** Opening MATERIAL FOR THIS EXERCISE block **

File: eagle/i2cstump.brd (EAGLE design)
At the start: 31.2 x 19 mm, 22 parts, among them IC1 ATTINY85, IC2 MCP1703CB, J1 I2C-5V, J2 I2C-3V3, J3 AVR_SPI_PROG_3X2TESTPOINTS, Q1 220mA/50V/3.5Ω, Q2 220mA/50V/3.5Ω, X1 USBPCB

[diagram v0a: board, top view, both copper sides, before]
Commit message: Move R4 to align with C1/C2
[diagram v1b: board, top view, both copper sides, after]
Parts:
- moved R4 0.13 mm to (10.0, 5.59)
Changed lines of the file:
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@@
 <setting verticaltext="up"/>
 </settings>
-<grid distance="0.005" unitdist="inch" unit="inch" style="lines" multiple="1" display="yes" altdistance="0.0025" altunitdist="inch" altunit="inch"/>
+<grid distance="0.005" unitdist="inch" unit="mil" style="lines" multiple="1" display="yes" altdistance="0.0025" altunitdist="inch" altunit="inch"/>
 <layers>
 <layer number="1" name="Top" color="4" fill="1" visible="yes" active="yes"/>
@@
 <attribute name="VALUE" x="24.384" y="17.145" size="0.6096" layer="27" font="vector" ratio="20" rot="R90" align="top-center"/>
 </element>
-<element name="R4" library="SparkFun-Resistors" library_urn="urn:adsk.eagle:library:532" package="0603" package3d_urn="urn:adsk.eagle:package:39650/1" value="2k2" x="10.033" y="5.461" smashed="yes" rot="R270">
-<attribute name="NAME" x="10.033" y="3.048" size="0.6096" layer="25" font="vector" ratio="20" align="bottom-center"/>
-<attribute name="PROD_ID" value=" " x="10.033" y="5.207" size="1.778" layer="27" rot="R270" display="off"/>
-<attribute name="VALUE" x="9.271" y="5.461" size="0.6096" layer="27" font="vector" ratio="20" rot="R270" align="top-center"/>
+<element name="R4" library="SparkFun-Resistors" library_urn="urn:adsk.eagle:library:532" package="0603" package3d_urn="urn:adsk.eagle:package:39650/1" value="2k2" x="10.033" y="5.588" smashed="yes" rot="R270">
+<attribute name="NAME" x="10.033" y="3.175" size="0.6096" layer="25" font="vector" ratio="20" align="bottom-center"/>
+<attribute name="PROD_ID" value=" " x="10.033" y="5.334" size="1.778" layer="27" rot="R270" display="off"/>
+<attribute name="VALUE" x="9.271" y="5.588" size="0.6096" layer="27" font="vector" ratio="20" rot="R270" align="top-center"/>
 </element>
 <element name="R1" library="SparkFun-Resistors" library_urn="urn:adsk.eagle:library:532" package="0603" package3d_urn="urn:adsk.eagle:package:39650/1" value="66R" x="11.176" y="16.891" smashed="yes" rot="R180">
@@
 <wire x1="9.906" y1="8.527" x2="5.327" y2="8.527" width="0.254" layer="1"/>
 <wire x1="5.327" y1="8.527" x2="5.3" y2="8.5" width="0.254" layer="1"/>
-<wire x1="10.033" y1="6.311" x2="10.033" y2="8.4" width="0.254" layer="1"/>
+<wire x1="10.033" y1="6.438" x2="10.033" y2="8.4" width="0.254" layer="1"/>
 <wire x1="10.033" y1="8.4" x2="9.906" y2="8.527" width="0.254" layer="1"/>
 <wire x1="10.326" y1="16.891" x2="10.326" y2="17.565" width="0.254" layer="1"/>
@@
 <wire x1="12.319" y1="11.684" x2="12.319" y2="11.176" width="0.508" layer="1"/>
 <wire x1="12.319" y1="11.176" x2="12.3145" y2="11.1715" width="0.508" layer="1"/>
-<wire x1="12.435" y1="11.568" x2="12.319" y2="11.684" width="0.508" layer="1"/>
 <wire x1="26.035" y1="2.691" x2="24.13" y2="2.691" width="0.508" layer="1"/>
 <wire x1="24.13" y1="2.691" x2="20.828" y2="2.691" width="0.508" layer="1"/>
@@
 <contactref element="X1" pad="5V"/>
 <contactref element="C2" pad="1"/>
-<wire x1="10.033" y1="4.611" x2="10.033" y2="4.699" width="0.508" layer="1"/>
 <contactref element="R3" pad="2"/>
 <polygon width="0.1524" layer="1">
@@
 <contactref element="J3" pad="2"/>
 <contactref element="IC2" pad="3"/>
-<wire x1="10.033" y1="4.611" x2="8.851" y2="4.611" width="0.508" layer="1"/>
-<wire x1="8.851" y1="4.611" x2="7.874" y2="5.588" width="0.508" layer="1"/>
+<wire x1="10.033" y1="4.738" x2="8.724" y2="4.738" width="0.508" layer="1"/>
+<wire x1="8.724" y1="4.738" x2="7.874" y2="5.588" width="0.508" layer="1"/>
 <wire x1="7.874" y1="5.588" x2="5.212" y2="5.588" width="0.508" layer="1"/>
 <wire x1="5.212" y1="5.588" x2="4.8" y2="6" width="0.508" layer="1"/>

** Closing MATERIAL FOR THIS EXERCISE block **

What is needed is a verbatim copy of the data, complete from first line to last.

File: eagle/i2cstump.brd (EAGLE design)
At the start: 31.2 x 19 mm, 22 parts, among them IC1 ATTINY85, IC2 MCP1703CB, J1 I2C-5V, J2 I2C-3V3, J3 AVR_SPI_PROG_3X2TESTPOINTS, Q1 220mA/50V/3.5Ω, Q2 220mA/50V/3.5Ω, X1 USBPCB

[diagram v0a: board, top view, both copper sides, before]
Commit message: Move R4 to align with C1/C2
[diagram v1b: board, top view, both copper sides, after]
Parts:
- moved R4 0.13 mm to (10.0, 5.59)
Changed lines of the file:
@@
 <setting verticaltext="up"/>
 </settings>
-<grid distance="0.005" unitdist="inch" unit="inch" style="lines" multiple="1" display="yes" altdistance="0.0025" altunitdist="inch" altunit="inch"/>
+<grid distance="0.005" unitdist="inch" unit="mil" style="lines" multiple="1" display="yes" altdistance="0.0025" altunitdist="inch" altunit="inch"/>
 <layers>
 <layer number="1" name="Top" color="4" fill="1" visible="yes" active="yes"/>
@@
 <attribute name="VALUE" x="24.384" y="17.145" size="0.6096" layer="27" font="vector" ratio="20" rot="R90" align="top-center"/>
 </element>
-<element name="R4" library="SparkFun-Resistors" library_urn="urn:adsk.eagle:library:532" package="0603" package3d_urn="urn:adsk.eagle:package:39650/1" value="2k2" x="10.033" y="5.461" smashed="yes" rot="R270">
-<attribute name="NAME" x="10.033" y="3.048" size="0.6096" layer="25" font="vector" ratio="20" align="bottom-center"/>
-<attribute name="PROD_ID" value=" " x="10.033" y="5.207" size="1.778" layer="27" rot="R270" display="off"/>
-<attribute name="VALUE" x="9.271" y="5.461" size="0.6096" layer="27" font="vector" ratio="20" rot="R270" align="top-center"/>
+<element name="R4" library="SparkFun-Resistors" library_urn="urn:adsk.eagle:library:532" package="0603" package3d_urn="urn:adsk.eagle:package:39650/1" value="2k2" x="10.033" y="5.588" smashed="yes" rot="R270">
+<attribute name="NAME" x="10.033" y="3.175" size="0.6096" layer="25" font="vector" ratio="20" align="bottom-center"/>
+<attribute name="PROD_ID" value=" " x="10.033" y="5.334" size="1.778" layer="27" rot="R270" display="off"/>
+<attribute name="VALUE" x="9.271" y="5.588" size="0.6096" layer="27" font="vector" ratio="20" rot="R270" align="top-center"/>
 </element>
 <element name="R1" library="SparkFun-Resistors" library_urn="urn:adsk.eagle:library:532" package="0603" package3d_urn="urn:adsk.eagle:package:39650/1" value="66R" x="11.176" y="16.891" smashed="yes" rot="R180">
@@
 <wire x1="9.906" y1="8.527" x2="5.327" y2="8.527" width="0.254" layer="1"/>
 <wire x1="5.327" y1="8.527" x2="5.3" y2="8.5" width="0.254" layer="1"/>
-<wire x1="10.033" y1="6.311" x2="10.033" y2="8.4" width="0.254" layer="1"/>
+<wire x1="10.033" y1="6.438" x2="10.033" y2="8.4" width="0.254" layer="1"/>
 <wire x1="10.033" y1="8.4" x2="9.906" y2="8.527" width="0.254" layer="1"/>
 <wire x1="10.326" y1="16.891" x2="10.326" y2="17.565" width="0.254" layer="1"/>
@@
 <wire x1="12.319" y1="11.684" x2="12.319" y2="11.176" width="0.508" layer="1"/>
 <wire x1="12.319" y1="11.176" x2="12.3145" y2="11.1715" width="0.508" layer="1"/>
-<wire x1="12.435" y1="11.568" x2="12.319" y2="11.684" width="0.508" layer="1"/>
 <wire x1="26.035" y1="2.691" x2="24.13" y2="2.691" width="0.508" layer="1"/>
 <wire x1="24.13" y1="2.691" x2="20.828" y2="2.691" width="0.508" layer="1"/>
@@
 <contactref element="X1" pad="5V"/>
 <contactref element="C2" pad="1"/>
-<wire x1="10.033" y1="4.611" x2="10.033" y2="4.699" width="0.508" layer="1"/>
 <contactref element="R3" pad="2"/>
 <polygon width="0.1524" layer="1">
@@
 <contactref element="J3" pad="2"/>
 <contactref element="IC2" pad="3"/>
-<wire x1="10.033" y1="4.611" x2="8.851" y2="4.611" width="0.508" layer="1"/>
-<wire x1="8.851" y1="4.611" x2="7.874" y2="5.588" width="0.508" layer="1"/>
+<wire x1="10.033" y1="4.738" x2="8.724" y2="4.738" width="0.508" layer="1"/>
+<wire x1="8.724" y1="4.738" x2="7.874" y2="5.588" width="0.508" layer="1"/>
 <wire x1="7.874" y1="5.588" x2="5.212" y2="5.588" width="0.508" layer="1"/>
 <wire x1="5.212" y1="5.588" x2="4.8" y2="6" width="0.508" layer="1"/>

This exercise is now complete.